I got an email from a friend at the Loppet about a project he has to more scientifically test the speed differentials between different waxing techniques. Is this incredibly nerdy? Yes. Is this incredibly awesome. Very much yes. They come to the conclusion that a wax treatment can improve your time by 2:30 in the Birkie. That sounds about right. Of course, one wax treatment versus a similar one (i.e. Toko Blue vs Start Green) is probably even more minimal. It got me to thinking: how do temperature differences affect race speeds? Well, I have the temperature data. How hard can it be to compare it to finish times?
Not that hard. Here are the results. For each parameter, I compared the winning times (which is all that is available) for both the entire race period and for the period from 1987 to the present, which I define as the “skating era.” Times during the skating era are faster than before. A few major caveats:
- Up until 1991, the race did not always run Cable-to-Hayward. It ran Hayward-to-Cable from 1982 to 1985, and then alternated until Cable-Hayward became permanent in 1992. There is only about a 100 foot climb differential, however, and times do not seem dramatically affected by the differences.
- Apparently, the Birkie Trail has been shortened in the past 20 years. Until 1993, the race was listed as being 55 km. That year, it dropped to 52k. This dropped to 51k in 2001 and to 50k in 2008, although I can’t tell you where the trail lost 1000 meters between the 2006 and 2008 races (I raced both). By most measurements, the current race distance is almost exactly 50k.
- I removed the first three years of women’s data; Jackie Lindskoog was the only female finisher in 1973 and 1974; and even in 1975 the women’s time-per-K was nearly double the men’s. Since then, the winning woman has finished between 8 and 26% slower than the winning man. (See below for more.)
- Data from races where the course was significantly shortened (i.e. more than the lake was left off—1981, 1998, 2000, 2007) were excluded.
- As we mentioned earlier, weather data previous to 1997 is based on averaging the data from Eau Clare (EAU) and Duluth (DLH).
First, we can compare the skier speed and the 8 a.m. start temperature. Here there is a very weak positive correlation (R-squared of 0.025 for men, 0.05 for women) between temperature and speed. This is probably random, as so much else (wind, snow type, skier tactics, the level of skier in the race) predicts the winning time; in fact, the two fastest winning speeds recorded saw temperatures between 0 and 10 above; and in 2011 a very fast time was recorded with temperatures below 0.
I also charted the daily high temperature but expected these data to be even uglier since the daily high generally occurs long after the leaders have finished the race. And there’s not much to see in these numbers.

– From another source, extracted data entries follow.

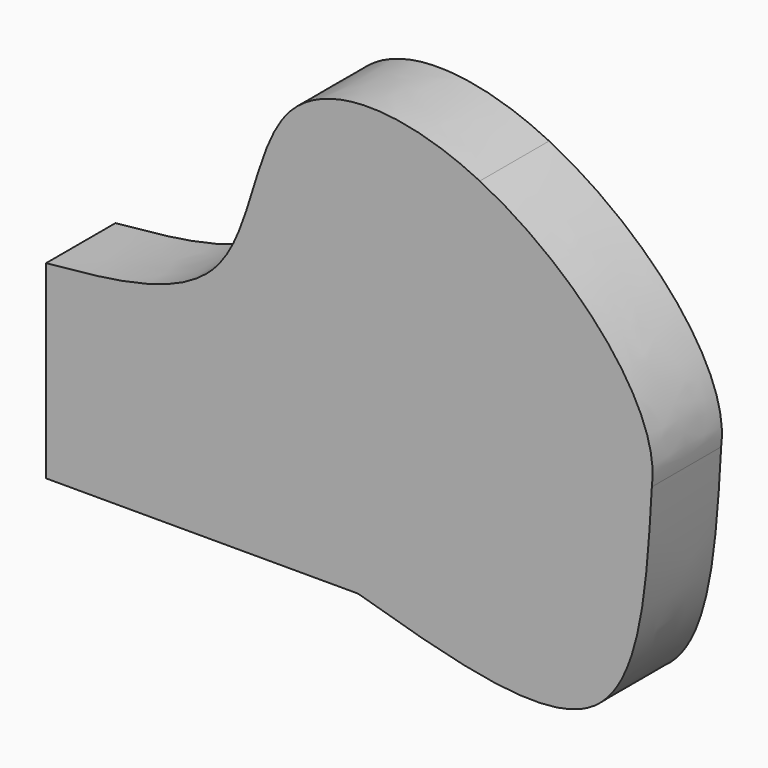
from build123d import *

# Parameters (mm, degrees)
F0_W     = 55.5266755181
F0_H     = 46.0978470142
F1_DEPTH = 25.4


with BuildPart() as f1:
    # F0 (on Front) → F1 (new body)
    with BuildSketch(Plane.XZ):
        Polygon((-45.72, 27.7720657421), (-45.72, -27.7720657421), (45.72, -27.7720657421), (45.72, 2.3720657421), (45.72, 27.7720657421), align=None)
        with BuildLine():
            Line((45.72, 2.3720657421), (45.72, -27.7720657421))
            add(Edge.make_bspline(
                [(131.83991611, 27.7720657421), (128.4226083131, 3.6394915706), (87.0713041565, -12.0662870858), (45.72, -27.7720657421)],
                knots=[0.7528337274, 0.7528337274, 0.7528337274, 0.7528337274, 1, 1, 1, 1], degree=3))
            add(Edge.make_bspline(
                [(81.4163490426, 90.3064464871), (108.1552290461, 77.110332117), (134.8655063082, 49.1383822136), (131.83991611, 27.7720657421)],
                knots=[0.5339995176, 0.5339995176, 0.5339995176, 0.5339995176, 0.7528337274, 0.7528337274, 0.7528337274, 0.7528337274], degree=3))
            Line((81.4163490426, 90.3064464871), (104.9052251901, 53.874658511))
            ThreePointArc((104.9052251901, 53.874658511), (101.4010974206, 18.9161297578), (70.4063948109, 2.3720657421))
            Line((70.4063948109, 2.3720657421), (45.72, 2.3720657421))
        make_face()
        with BuildLine():
            add(Edge.make_bspline(
                [(131.83991611, 27.7720657421), (128.4226083131, 3.6394915706), (87.0713041565, -12.0662870858), (45.72, -27.7720657421)],
                knots=[0.7528337274, 0.7528337274, 0.7528337274, 0.7528337274, 1, 1, 1, 1], degree=3))
            add(Edge.make_bspline(
                [(45.72, -27.7720657421), (73.2817283043, -35.9046962959), (100.8434566087, -44.0373268496), (115.1341721416, -34.0887419879)],
                knots=[0, 0, 0, 0, 0.5105148873, 0.5105148873, 0.5105148873, 0.5105148873], degree=3))
            add(Edge.make_bspline(
                [(115.1341721416, -34.0887419879), (128.8362064561, -24.5499718093), (130.3380612831, 1.6110469664), (131.83991611, 27.7720657421)],
                knots=[0.5105148873, 0.5105148873, 0.5105148873, 0.5105148873, 1, 1, 1, 1], degree=3))
        make_face()
        with BuildLine():
            add(Edge.make_bspline(
                [(-45.72, 27.7720657421), (-25.4090292575, 29.6505869851), (-5.0980585151, 31.5291082281), (5.0941300286, 44.2085994729)],
                knots=[0, 0, 0, 0, 0.1784307554, 0.1784307554, 0.1784307554, 0.1784307554], degree=3))
            Line((-45.72, 27.7720657421), (45.72, 27.7720657421))
            Line((45.72, 27.7720657421), (70.4063948109, 27.7720657421))
            ThreePointArc((70.4063948109, 27.7720657421), (80.2980419597, 33.0519371353), (81.4163490426, 44.2085994729))
            Line((81.4163490426, 44.2085994729), (25.8896735245, 44.2085994729))
            Line((25.8896735245, 44.2085994729), (5.0941300286, 44.2085994729))
        make_face()
        with BuildLine():
            Line((45.72, 27.7720657421), (45.72, 2.3720657421))
            Line((45.72, 2.3720657421), (70.4063948109, 2.3720657421))
            ThreePointArc((70.4063948109, 2.3720657421), (101.4010974206, 18.9161297578), (104.9052251901, 53.874658511))
            Line((104.9052251901, 53.874658511), (81.4163490426, 44.2085994729))
            ThreePointArc((81.4163490426, 44.2085994729), (80.2980419597, 33.0519371353), (70.4063948109, 27.7720657421))
            Line((70.4063948109, 27.7720657421), (45.72, 27.7720657421))
        make_face()
        with BuildLine():
            add(Edge.make_bspline(
                [(5.0941300286, 44.2085994729), (15.012118023, 56.5469742394), (15.3484515231, 79.1129792412), (25.8896735245, 90.3064464871)],
                knots=[0.1784307554, 0.1784307554, 0.1784307554, 0.1784307554, 0.3520611864, 0.3520611864, 0.3520611864, 0.3520611864], degree=3))
            Line((5.0941300286, 44.2085994729), (25.8896735245, 44.2085994729))
            Line((25.8896735245, 44.2085994729), (25.8896735245, 90.3064464871))
        make_face()
        with Locations((53.6530112836, 67.25752298)):
            Rectangle(F0_W, F0_H)
        Polygon((104.9052251901, 53.874658511), (81.4163490426, 90.3064464871), (81.4163490426, 44.2085994729), align=None)
        with BuildLine():
            Line((25.8896735245, 90.3064464871), (81.4163490426, 90.3064464871))
            add(Edge.make_bspline(
                [(25.8896735245, 90.3064464871), (36.9352738157, 102.0355007707), (59.185696861, 101.2776699891), (81.4163490426, 90.3064464871)],
                knots=[0.3520611864, 0.3520611864, 0.3520611864, 0.3520611864, 0.5339995176, 0.5339995176, 0.5339995176, 0.5339995176], degree=3))
        make_face()
    extrude(amount=F1_DEPTH)


solid = f1.part

Finally, I charted out the winning times by year. Here there is a more dramatic correlation, although most of that is from the classic-to-skating switch in the 1980s. From 1973 to 1987, average times per kilometer decreased by nearly 2 seconds per year. Since then, times have again decreased, but by less than 0.5 second per year. And since 1992, times have been basically flat.
Finally, women have been getting faster, relative to men. These are interesting data because while men and women ski the same course, they ski different races. I’m not sure when the women’s elite wave started, but there is definitely variation. I assume this is based both on who shows up for the race but also how it is skied. For instance, if the men have a pack which sets a fast pace and skis together they might record a faster time relative to a women’s race where the pack is strung out and broken up on early hills.
It would certainly be interesting—if very improbable—if conditions and tactics conspired to have the women finish ahead of the men (say, for example, soft snow which was fast for the women but slower for the men, combined with race tactics allowing the women to speed ahead). But I doubt that will ever happen in my lifetime (and the best fit line here, which has an R-squared of 0.18, predicts it will happen some time in the 2080s).